18. A system as set forth in claim 1, wherein said at least one pad
producing machine includes first and second pad producing machines
and the system further comprises a stand, and first and second
mounting assemblies coupling the respective first and second pad
producing machines to the stand in such a manner that each pad
producing machine is selectively rotatable from an operating
position to a loading position about respective first and second
axes relative to the stand.
19. A system as set forth in claim 18, wherein the first and second
pad producing machines include respective first and second pad
passage openings in communication with opposite ends of said pad
insertion zone thereby permitting the pad to be supplied directly
into the pad insertion zone from either of said first and second
pad producing machines.
20. A system as set forth in claim 1, further including a sensor
for sensing full insertion of the pad into the container.
21. A system as set forth in claim 1, wherein the pad insertion
zone is disposed above a support for the container into which the
pad is to be inserted and said pad insertion assembly pushes the
pad from the pad insertion zone and toward the support for the
container, thereby to insert the pad into a container on the
support.
22. A system as set forth in claim 21, wherein said pad producing
machine dispenses the pad into said pad insertion zone in a first
direction, and said pad insertion assembly is operative to push the
pad from the pad insertion zone in a direction transverse to said
first direction.
23. A system as set forth in claim 21, further comprising a
four-sided guide chute disposed beneath the pad insertion assembly
for guiding the pad into the container.
24. A system as set forth in claim 23, wherein said pad insertion
assembly includes a plunger for engaging and pushing a pad located
at the pad insertion zone through said guide chute.

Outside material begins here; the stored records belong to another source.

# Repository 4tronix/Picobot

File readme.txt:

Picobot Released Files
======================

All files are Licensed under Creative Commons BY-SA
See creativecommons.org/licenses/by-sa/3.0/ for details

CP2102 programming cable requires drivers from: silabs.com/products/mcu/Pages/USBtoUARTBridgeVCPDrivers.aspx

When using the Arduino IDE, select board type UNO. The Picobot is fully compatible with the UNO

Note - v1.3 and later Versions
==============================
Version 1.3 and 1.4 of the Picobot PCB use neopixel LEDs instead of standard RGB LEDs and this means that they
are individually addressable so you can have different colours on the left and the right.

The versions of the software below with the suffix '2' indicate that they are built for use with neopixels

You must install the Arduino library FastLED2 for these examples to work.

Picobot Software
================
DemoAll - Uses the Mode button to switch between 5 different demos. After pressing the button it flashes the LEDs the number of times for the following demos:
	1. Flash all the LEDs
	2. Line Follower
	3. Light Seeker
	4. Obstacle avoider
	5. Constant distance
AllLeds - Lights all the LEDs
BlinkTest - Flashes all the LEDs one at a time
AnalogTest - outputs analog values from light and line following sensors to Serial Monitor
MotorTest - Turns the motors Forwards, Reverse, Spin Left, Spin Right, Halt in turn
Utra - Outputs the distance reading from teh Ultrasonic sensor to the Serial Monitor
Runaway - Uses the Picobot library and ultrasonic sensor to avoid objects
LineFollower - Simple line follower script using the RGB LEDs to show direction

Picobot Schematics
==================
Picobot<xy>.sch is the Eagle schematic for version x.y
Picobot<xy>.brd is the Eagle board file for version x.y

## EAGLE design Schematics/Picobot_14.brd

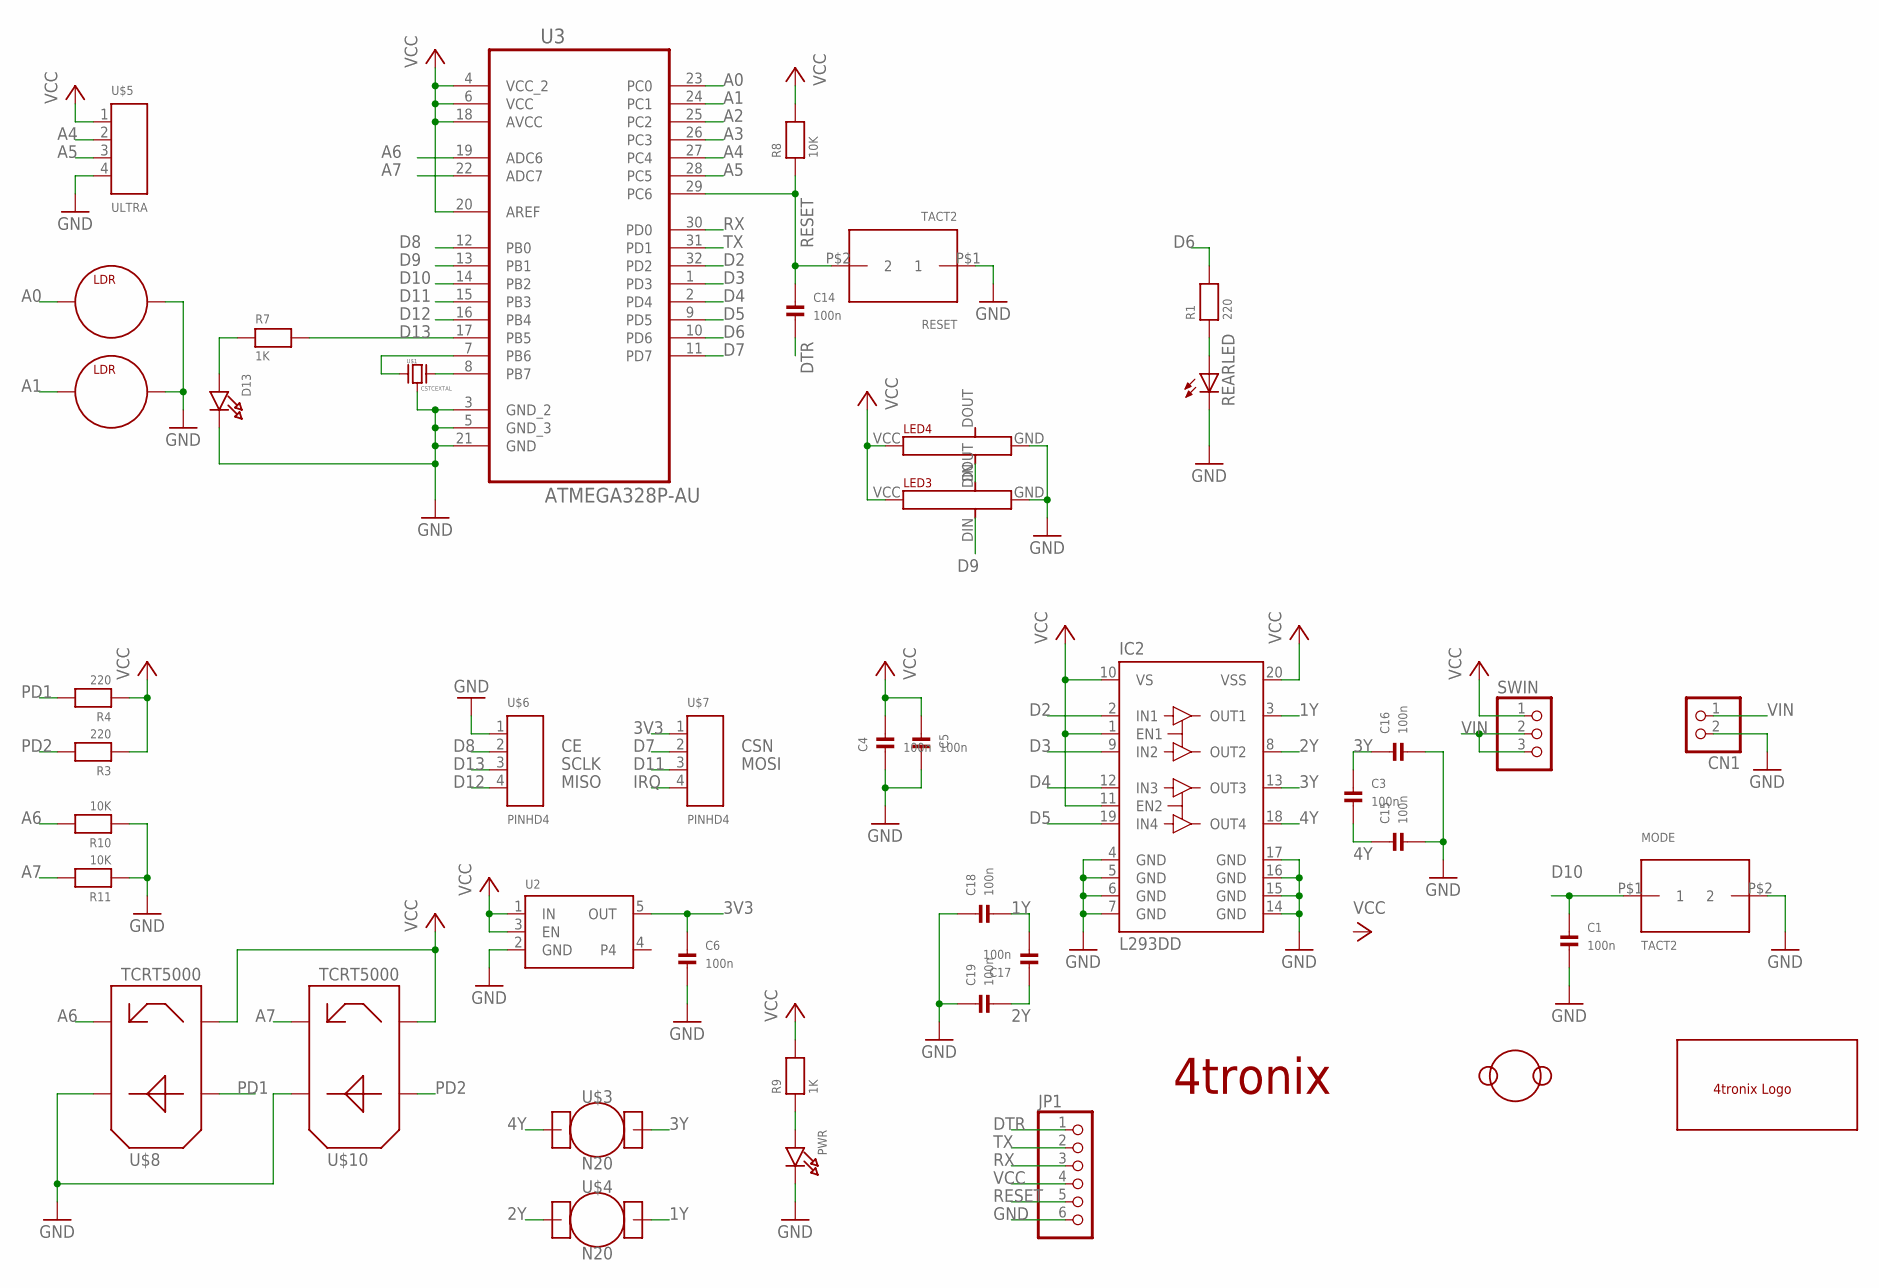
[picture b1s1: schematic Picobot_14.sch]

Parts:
C1, C3, C4, C5, C6, C14, C15, C16, C17, C18, C19: 100n; _0603MP
CN1: JST_2PIN-THM; JST-PH-2-THM
D13: LED0805_NOOUTLINE; CHIPLED_0805_NOOUTLINE
IC2: L293DD; SO20
JP1: PINHD-1X6CB; 1X06-CLEANBIG
LDR1, LDR2: LDR
LED3, LED4: WS2812B
MODE: TACT2; TACT2-PIN
PWR: LED0805_NOOUTLINE; CHIPLED_0805_NOOUTLINE
R1, R3, R4: 220; 0603-MINI
R7, R9: 1K; 0603-MINI
R8, R10, R11: 10K; 0603-MINI
REARLED: LED3MM
RESET: TACT2; TACT2-PIN
SWIN: PINHD-1X3CB; 1X03-CLEANBIG
U2: VREG_SOT23-5; SOT23-5
U3: ATMEGA328P-AU; QFP80P900X900X120-32N
U$1: CSTCEXTAL
U$2: LOGO
U$3, U$4: N20
U$5: ULTRA; PINHD4
U$6, U$7: PINHD4
U$8, U$10: TCRT5000
U$9: DFRBALL

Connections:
1Y: C17.2, C18.2, IC2.3 (OUT1), U$4.MTRA (MTRB)
2Y: C17.1, C19.2, IC2.8 (OUT2), U$4.MTRB (MTRA)
3V3: C6.1, U2.5 (OUT), U$7.1
3Y: C3.1, C16.1, IC2.13 (OUT3), U$3.MTRA (MTRB)
4Y: C3.2, C15.1, IC2.18 (OUT4), U$3.MTRB (MTRA)
A0: LDR1.A, U3.23 (PC0)
A1: LDR2.A, U3.24 (PC1)
A2: U3.25 (PC2)
A3: U3.26 (PC3)
A4: U3.27 (PC4), U$5.2
A5: U3.28 (PC5), U$5.3
A6: R10.2, U3.19 (ADC6), U$8.TR2
A7: R11.2, U3.22 (ADC7), U$10.TR2
D2: IC2.2 (IN1), U3.32 (PD2)
D3: IC2.9 (IN2), U3.1 (PD3)
D4: IC2.12 (IN3), U3.2 (PD4)
D5: IC2.19 (IN4), U3.9 (PD5)
D6: R1.2, U3.10 (PD6)
D7: U3.11 (PD7), U$7.2
D8: U3.12 (PB0), U$6.2
D9: LED3.DIN (DI), U3.13 (PB1)
D10: C1.1, MODE.P$1 (1), U3.14 (PB2)
D11: U3.15 (PB3), U$7.3
D12: U3.16 (PB4), U$6.4
D13: R7.2, U3.17 (PB5), U$6.3
DTR: C14.2, JP1.1
GND: C1.2, C4.2, C5.2, C6.2, C15.2, C16.2, C18.1, C19.1, CN1.2 (1), D13.C, IC2.4 (GND), IC2.5 (GND), IC2.6 (GND), IC2.7 (GND), IC2.14 (GND), IC2.15 (GND), IC2.16 (GND), IC2.17 (GND), JP1.6, LDR1.K, LDR2.K, LED3.GND, LED4.GND, MODE.P$2 (2), PWR.C, R10.1, R11.1, REARLED.K (C), RESET.P$1 (1), U2.2 (GND), U3.3 (GND_2), U3.5 (GND_3), U3.21 (GND), U$1.G, U$5.4, U$6.1, U$8.LED2, U$10.LED2
IRQ: U$7.4
unnamed: D13.A, R7.1
unnamed: R1.1, REARLED.A
unnamed: U3.7 (PB6), U$1.X1
unnamed: U3.8 (PB7), U$1.X2
unnamed: LED3.DOUT (DO), LED4.DIN (DI)
unnamed: PWR.A, R9.1
PD1: R4.2, U$8.LED1
PD2: R3.2, U$10.LED1
RESET: C14.1, JP1.5, R8.1, RESET.P$2 (2), U3.29 (PC6)
RX: JP1.3, U3.30 (PD0)
TX: JP1.2, U3.31 (PD1)
VCC: C4.1, C5.1, IC2.1 (EN1), IC2.10 (VS), IC2.11 (EN2), IC2.20 (VSS), JP1.4, LED3.VCC, LED4.VCC, R3.1, R4.1, R8.2, R9.2, SWIN.1, U2.1 (IN), U2.3 (EN), U3.4 (VCC_2), U3.6 (VCC), U3.18 (AVCC), U3.20 (AREF), U$5.1, U$8.TR1, U$10.TR1
VIN: CN1.1 (2), SWIN.2, SWIN.3

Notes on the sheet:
4tronix
SCLK
MISO
CSN
MOSI

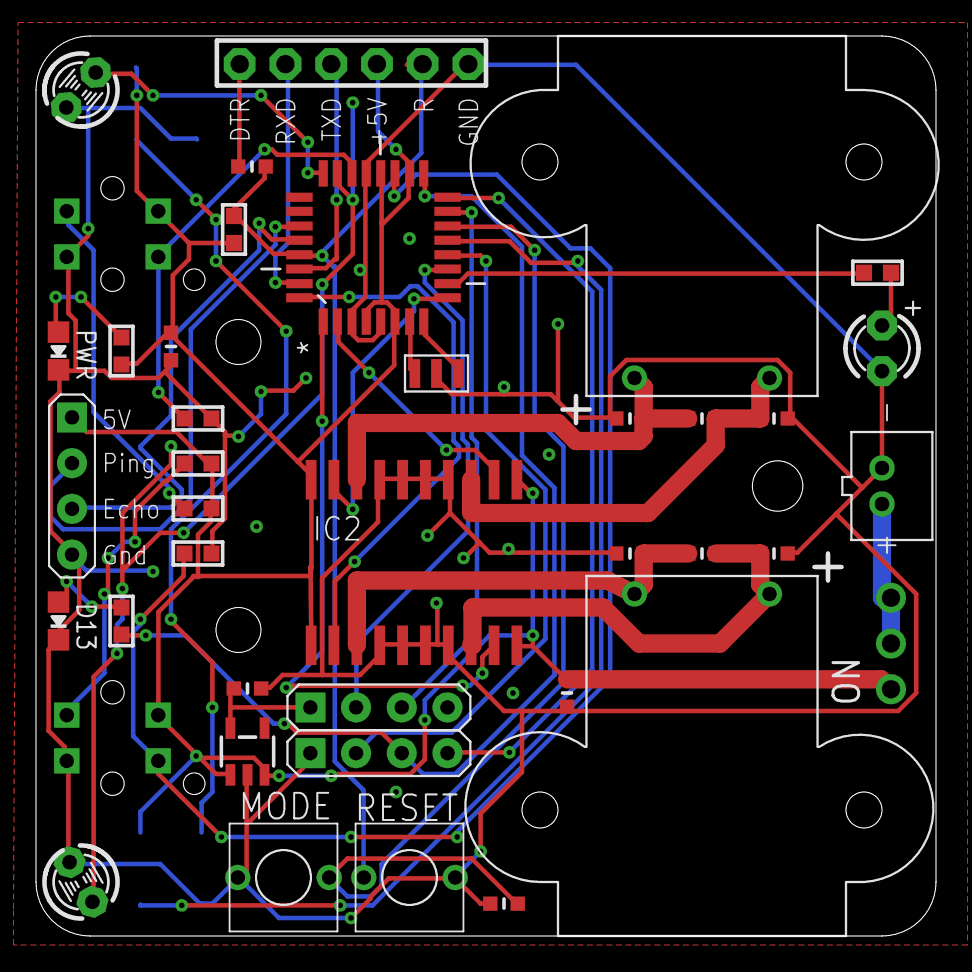
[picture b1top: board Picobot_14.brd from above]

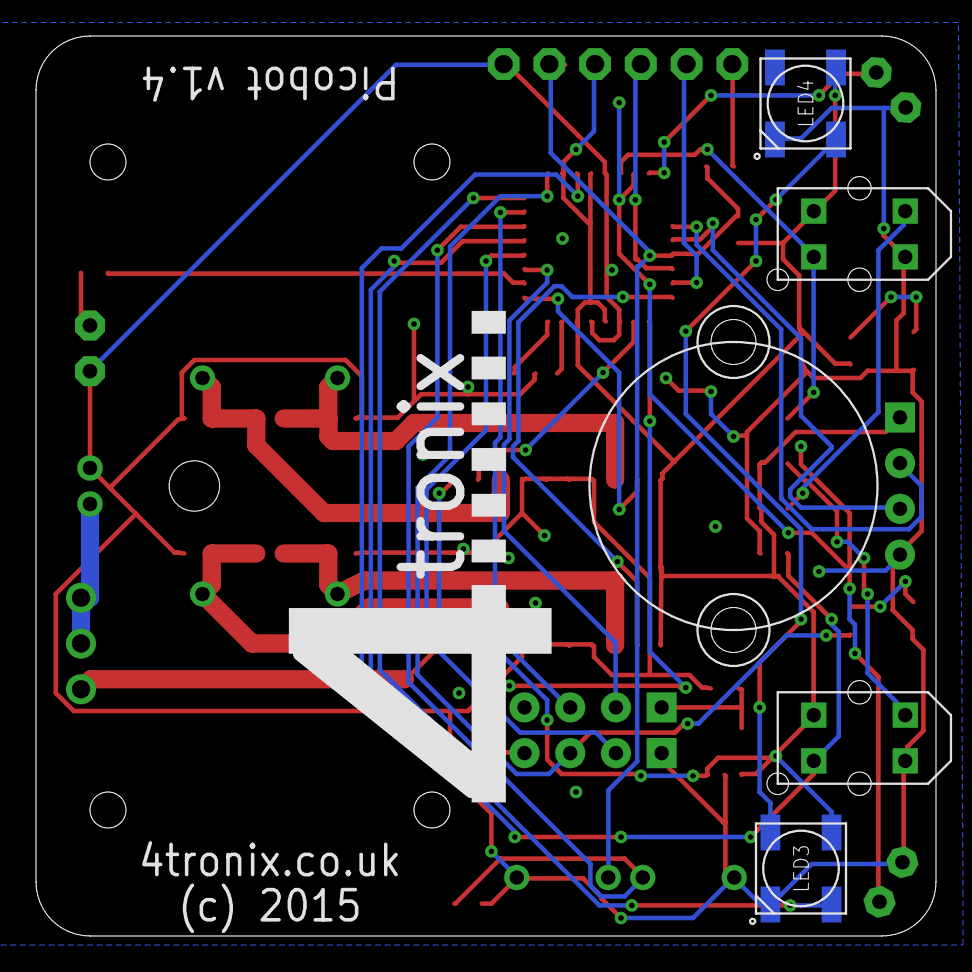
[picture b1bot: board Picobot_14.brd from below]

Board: 2 copper layers, 50.0 x 50.0 mm, 44 parts (6 on the bottom side), 38 nets.

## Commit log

2015-01-10 :lollipop: Added .gitattributes & .gitignore files
2015-01-10 First Release of Software
2015-01-10 Added Pinout Info
2015-01-10 Added reset pin info
2015-01-12 Revised Motor Pins for V1.0
2015-01-12 Added Line Follower
    New Line Follower script and updates to the licence information
2015-01-12 Updated Readme to show LineFollower
2015-02-16 New Demo App
    Added multifunction demo sketch as the installed sketch when shipping
2015-02-16 Corrected Comments
2015-08-03 Update for v1.3 and Later
    Added support for neopixels
2015-08-03 Added FastLED2 Library
    Arduino Library file required for Neopixel examples
2015-08-03 Schematic Updates
    Includes neopixels and layout changes

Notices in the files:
Schematics/Picobot_14.brd:
(c) 2015
parts and their libraries:
microbuilder: This work is placed in the public domain, and may be freely used for commercial and non-commercial work with the following conditions:

25. A system as set forth in claim 24, wherein the guide chute
includes at least one guide wall that in cooperation with said
plunger deforms at least one end of the pad before the pad is
inserted into the container.
26. A system as set forth in claim 25, wherein said guide wall is
tapered inwardly from the pad insertion assembly to the
container.
27. A system as set forth in claim 24, wherein said plunger is
operable to push the pad through the opening and guide chute and
insert the pad into the container.
28. A system as set forth in claim 1, further comprising a conveyor
for conveying and sequentially delivering containers to a container
filling station, and wherein said pad producing machine includes a
plurality of pad producing machines for automatically producing
dunnage pads and automatically supplying the dunnage pads to the
pad insertion zone and said pad insertion assembly automatically
inserts into a container at the container filling station the pads
from said pad insertion zone as the containers are sequentially
delivered to said container filling station.
29. A system as set forth in claim 28, wherein said pad insertion
assembly is operable to insert the pads into containers at a rate
faster than the rate at which any one of said plurality of pad
producing machines is capable of producing the dunnage pads.
30. A system as set forth in claim 28, wherein two of said
plurality of pad producing machines are configured opposite one
another and the pad insertion assembly is disposed therebetween for
receiving dunnage pads one at a time to the pad insertion zone from
either of said opposed machines.
31. A system as set forth in claim 28, further comprising an
automatic cross-over circuit for permitting pads to be supplied
into the pad insertion zone by one machine at a time and for
selectively crossing over operation of one machine to another.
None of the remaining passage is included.